哈罗德拿起车内加密电台的话筒,调整到与列克星敦指挥部的专用频率。
“我是哈罗德,呼叫指挥部。”
“东部七号观察点报告,田纳西方向有大规模人口移动迹象,正向「矿坑」区域接近。”
“规模估计千人以上,携带武装。”
“请求进一步指示。”
电台里传来滋滋的电流声,几秒钟后,一个略显油滑,带着肯塔基特有鼻音的男声响起:
“哈罗德将军,州长正在主持「丰收会议」,暂时无法接听。”
“关于流民问题……州长的原则您是知道的。”
“「肯塔基的土地只欢迎愿意为它流汗流血的人」。”
“你来衡量他们的价值,将军。”
“青壮年、技术人员、健康的女人和孩子,优先。”
“老弱病残……酌情处理。”
“至于武装护卫,如果愿意接受整编,倒可以谈谈。”
“如果不愿意……您知道该怎么做,为了自治领的安全。”
这个声音的来源是布洛克的秘书长,麦考利。
一个以前搞房地产销售出身的家伙,嘴皮子利害,心思活络,很得布洛克信任,负责处理各种内务。

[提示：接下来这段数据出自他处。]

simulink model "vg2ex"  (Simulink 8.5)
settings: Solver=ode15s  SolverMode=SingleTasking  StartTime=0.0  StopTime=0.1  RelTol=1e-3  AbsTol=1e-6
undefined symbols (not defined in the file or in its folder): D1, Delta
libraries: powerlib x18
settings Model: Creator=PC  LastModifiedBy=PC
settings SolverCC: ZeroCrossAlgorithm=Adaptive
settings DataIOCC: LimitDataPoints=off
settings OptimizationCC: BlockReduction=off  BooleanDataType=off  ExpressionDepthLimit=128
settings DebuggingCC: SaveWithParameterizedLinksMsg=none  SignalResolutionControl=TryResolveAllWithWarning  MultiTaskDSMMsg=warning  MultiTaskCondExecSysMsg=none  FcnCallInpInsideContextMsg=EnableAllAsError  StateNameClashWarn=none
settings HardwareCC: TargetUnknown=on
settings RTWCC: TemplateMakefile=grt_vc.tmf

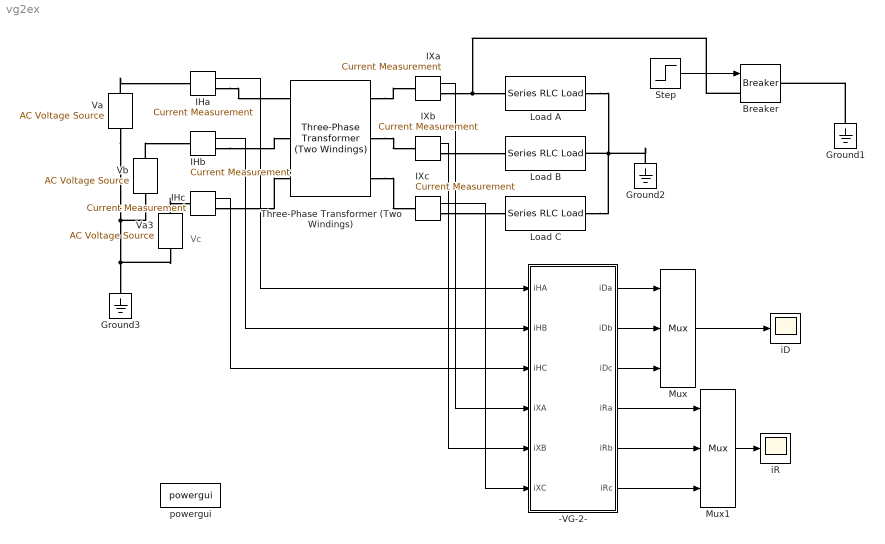
== system vg2ex ==
  note: Vc
  -VG-2- : Subsystem  mask(Transformer Masked Block){trtype=wye - delta, vector=1, Vh=13800, Vx=315000, nCTH=2400, nCTX=100}
      mask prompts: trtype "Type of Transformer"; vector "Vector Group"; Vh "Primary Voltage"; Vx "Secondry Voltage"; nCTH "CT Ratio of H"; nCTX "CT Ratio of X"
      mask help: Selection of type of transformer and vector group.
      mask init:
      | vg_20;
      mask Help: The block generates iD and iR for given input data IH, IX, each CT ratio.
      mask TypeOptions trtype: wye - delta | delta - wye | wye - wye | delta - delta
      mask TypeOptions vector: 0 | 1 | 3 | 5 | 6 | 7 | 9 | 11
      mask Display: disp(icon)
  Breaker : powerlib/Elements/Breaker  Tag=PoWeRsYsTeMbLoCk  InitialState=0  SwitchingTimes="[1/60  5/60]"  External=on  BreakerResistance=0.01  SnubberResistance=1e6  SnubberCapacitance=inf  Measurements=None  MoreParameters=on  NoBreakLoop=off
  Ground1 : powerlib/Elements/Ground  LConnTagsString=a
  Ground2 : powerlib/Elements/Ground  LConnTagsString=a
  Ground3 : powerlib/Elements/Ground  LConnTagsString=a
  IHa : powerlib/Measurements/Current Measurement  Tag=PoWeRsYsTeMmEaSuReMeNtFiRsT  PhasorSimulation=off  OutputType=Complex  PSBequivalent=0
  IHb : powerlib/Measurements/Current Measurement  Tag=PoWeRsYsTeMmEaSuReMeNt  PhasorSimulation=off  OutputType=Complex  PSBequivalent=0
  IHc : powerlib/Measurements/Current Measurement  Tag=PoWeRsYsTeMmEaSuReMeNt  PhasorSimulation=off  OutputType=Complex  PSBequivalent=0
  IXa : powerlib/Measurements/Current Measurement  Tag=PoWeRsYsTeMmEaSuReMeNt  PhasorSimulation=off  OutputType=Complex  PSBequivalent=0
  IXb : powerlib/Measurements/Current Measurement  Tag=PoWeRsYsTeMmEaSuReMeNt  PhasorSimulation=off  OutputType=Complex  PSBequivalent=0
  IXc : powerlib/Measurements/Current Measurement  Tag=PoWeRsYsTeMmEaSuReMeNt  PhasorSimulation=off  OutputType=Complex  PSBequivalent=0
  Load A : powerlib/Elements/Series RLC Load  LConnTagsString=a  RConnTagsString=__new0  NominalVoltage=1000  NominalFrequency=60  ActivePower=10e3  InductivePower=100  CapacitivePower=100  Setx0=off  InitialVoltage=0  SetiL0=off  InitialCurrent=0  Measurements=None
  Load B : powerlib/Elements/Series RLC Load  LConnTagsString=a  RConnTagsString=__new0  NominalVoltage=1000  NominalFrequency=60  ActivePower=10e3  InductivePower=100  CapacitivePower=100  Setx0=off  InitialVoltage=0  SetiL0=off  InitialCurrent=0  Measurements=None
  Load C : powerlib/Elements/Series RLC Load  LConnTagsString=a  RConnTagsString=__new0  NominalVoltage=1000  NominalFrequency=60  ActivePower=10e3  InductivePower=100  CapacitivePower=100  Setx0=off  InitialVoltage=0  SetiL0=off  InitialCurrent=0  Measurements=None
  Mux : Mux  Inputs=3
  Mux1 : Mux  Inputs=3
  Step : Step  Time=0.03
  Three-Phase Transformer (Two Windings) : powerlib/Elements/Three-Phase Transformer (Two Windings)  Winding1Connection=Yg  Winding2Connection=Delta (D1)  CoreType=Three single-phase transformers  SetSaturation=off  Hysteresis=off  DataFile='hysteresis'  SetInitialFlux=off  Measurements=None  UNITS=pu  NominalPower=[ 250e6 , 60 ]  Winding1=[ 735e3 , 0.002 , 0.08 ]  Winding2=[ 315e3 , 0.002 , 0.08 ]  Rm=500  Lm=500  L0=0.5  Saturation=[ 0,0 ; 0.0024,1.2 ; 1.0,1.52 ]  InitialFluxes=[ 0.8 , -0.8 , 0.7 ]  MoreParameters=off  BreakLoop=off  DataType=off  TransfoNumber=1
  Va : powerlib/Electrical Sources/AC Voltage Source  Tag=PoWeRsYsTeMbLoCk  Amplitude=100  Phase=0  Frequency=60  SampleTime=0  Measurements=None
  Va3 : powerlib/Electrical Sources/AC Voltage Source  Tag=PoWeRsYsTeMbLoCk  Amplitude=100  Phase=0  Frequency=60  SampleTime=0  Measurements=None
  Vb : powerlib/Electrical Sources/AC Voltage Source  Tag=PoWeRsYsTeMbLoCk  Amplitude=100  Phase=0  Frequency=60  SampleTime=0  Measurements=None
  iD : Scope
      settings: TickLabels=on  TimeRange=0.1  YMin=-0.03  YMax=0.03
  iR : Scope
      settings: TickLabels=on  YMin=-40  YMax=40
  powergui : powerlib/powergui  SimulationMode=Continuous  SolverType=Tustin/Backward Euler (TBE)  SampleTime=0  frequency=60  SPID=off  DisableSnubberDevices=off  DisableRonSwitches=off  DisableVfSwitches=off  SwTol=0  DisplayEquations=off  Interpol=off  methode=off  Ts=0  FunctionMessages=off  echomessages=off  HookPort=off  EnableUseOfTLC=off  x0status=blocks  frequencyindice=60  Pbase=100e6  ErrMax=1e-4  Iterations=50  UnitsV=kV  UnitsW=MW  buscounter=0  RestoreLinks=warning  ResistiveCurrentMeasurement=off  Frange=[0:2:500]  Ylog=off  Xlog=on  ShowGrid=off  save=off  variable=ZData  structure=0  ZoomFFT=on  StartTime=0.0  cycles=1  DisplayStyle=1  fundamental=60  FreqAxis=off  MaxFrequency=1000  frequencyindicesteady=1  RmsSteady=1  display=off
  wires:
  IHa/1 -> -VG-2-/1(iHA)
  IXc/1 -> -VG-2-/6(iXC)
  IHb/1 -> -VG-2-/2(iHB)
  IXa/1 -> -VG-2-/4(iXA)
  IHc/1 -> -VG-2-/3(iHC)
  -VG-2-/1(iDa) -> Mux/1
  -VG-2-/2(iDb) -> Mux/2
  -VG-2-/3(iDc) -> Mux/3
  Mux/1 -> iD/1
  Mux1/1 -> iR/1
  -VG-2-/4(iRa) -> Mux1/1
  -VG-2-/5(iRb) -> Mux1/2
  -VG-2-/6(iRc) -> Mux1/3
  Step/1 -> Breaker/1
  IXb/1 -> -VG-2-/5(iXB)
  connections:
  Three-Phase Transformer (Two Windings)/RConn1 -- IXa/LConn1
  Three-Phase Transformer (Two Windings)/RConn2 -- IXb/LConn1
  Three-Phase Transformer (Two Windings)/RConn3 -- IXc/LConn1
  Ground2/LConn1 -- Load A/RConn1 -- Load C/RConn1 -- Load B/RConn1
  Vb/RConn1 -- IHb/LConn1
  Va/RConn1 -- IHa/LConn1
  Va/LConn1 -- Vb/LConn1 -- Va3/LConn1 -- Ground3/LConn1
  Va3/RConn1 -- IHc/LConn1
  IHa/RConn1 -- Three-Phase Transformer (Two Windings)/LConn1
  IHb/RConn1 -- Three-Phase Transformer (Two Windings)/LConn2
  IHc/RConn1 -- Three-Phase Transformer (Two Windings)/LConn3
  IXa/RConn1 -- Breaker/LConn1 -- Load A/LConn1
  IXb/RConn1 -- Load B/LConn1
  IXc/RConn1 -- Load C/LConn1
  Ground1/LConn1 -- Breaker/RConn1

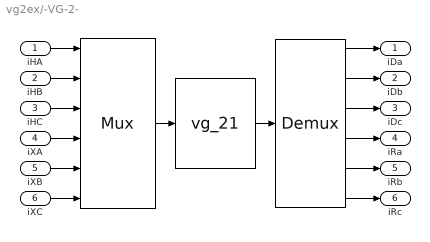
== system vg2ex/-VG-2- ==
  iHA : Inport
  iHB : Inport  Port=2
  iHC : Inport  Port=3
  iXA : Inport  Port=4
  iXB : Inport  Port=5
  iXC : Inport  Port=6
  " " : Mux  Inputs=6
  "  " : Demux  Outputs=6
  "    " : S-Function  FunctionName=vg_21  Parameters=trtype,vector,Vh,Vx,nCTH,nCTX
  iDa : Outport  InitialOutput=0
  iDb : Outport  Port=2  InitialOutput=0
  iDc : Outport  Port=3  InitialOutput=0
  iRa : Outport  Port=4  InitialOutput=0
  iRb : Outport  Port=5  InitialOutput=0
  iRc : Outport  Port=6  InitialOutput=0
  wires:
  iXC/1 -> " "/6
  "  "/6 -> iRc/1
  iXB/1 -> " "/5
  "  "/5 -> iRb/1
  iXA/1 -> " "/4
  "  "/4 -> iRa/1
  iHC/1 -> " "/3
  "  "/3 -> iDc/1
  iHB/1 -> " "/2
  "  "/2 -> iDb/1
  iHA/1 -> " "/1
  "  "/1 -> iDa/1
  "    "/1 -> "  "/1
  " "/1 -> "    "/1

换做以前,这种人哈罗德可从不放在眼里,但现在却也不得不感叹命运多变。
顽固守旧的下了台,油腔滑调的就会顶上去,而飞鹰国从来不缺这样的肥猪。
哈罗德放下话筒,脸上流露出一抹不着痕迹的冷笑。
他知道“酌情处理”和“您知道该怎么做”是什么意思。
布洛克从来不会明说,但暗示也已经足够清晰。
有价值的吸收,没价值的……放任他们在荒野自生自灭。
或者,如果他们的武装构成威胁,就消除威胁。
为了自治领的安全。
这个理由在过去一年里,已经被用了太多次。
合理化了许多他曾经绝不会做出的决定。
“开车。”
他对驾驶员说:
“去「矿坑」前沿哨所。”
“通知第三、第四民兵连,一级戒备,未经我命令,不准开火。”
装甲车引擎低吼着,碾过泥泞的道路,驶向雨幕深处那片曾经以煤矿闻名,如今只剩下空洞坑道和残破厂房的区域。
“……”
哈罗德呆呆地望着窗外飞速后退的被酸雨腐蚀的树木和废弃房屋。
心中那点关于联邦,关于旧日秩序的微弱星火,早已在这冰冷粘稠的现实中,熄灭了最后一点余温。
他现在是肯塔基自治领的哈罗德将军。
他只需要对布洛克州长,以及这片土地上的幸存者负责。
哈罗德是这么告诉自己的。
矿坑前沿哨所设立在一座选矿厂望塔上,视野开阔,可以俯瞰通往矿区的几条主要道路。
哈罗德抵达时,雨势稍微小了一些,但天空依旧阴沉得如同黄昏。
他爬上锈迹斑斑的铁梯,来到塔顶平台。
几名士兵正用望远镜观察着远方,奥格也在其中,正在向一个脸上有疤的壮汉汇报。
那是杜克中尉,哈罗德手下的得力干将,前游骑兵,实战经验丰富。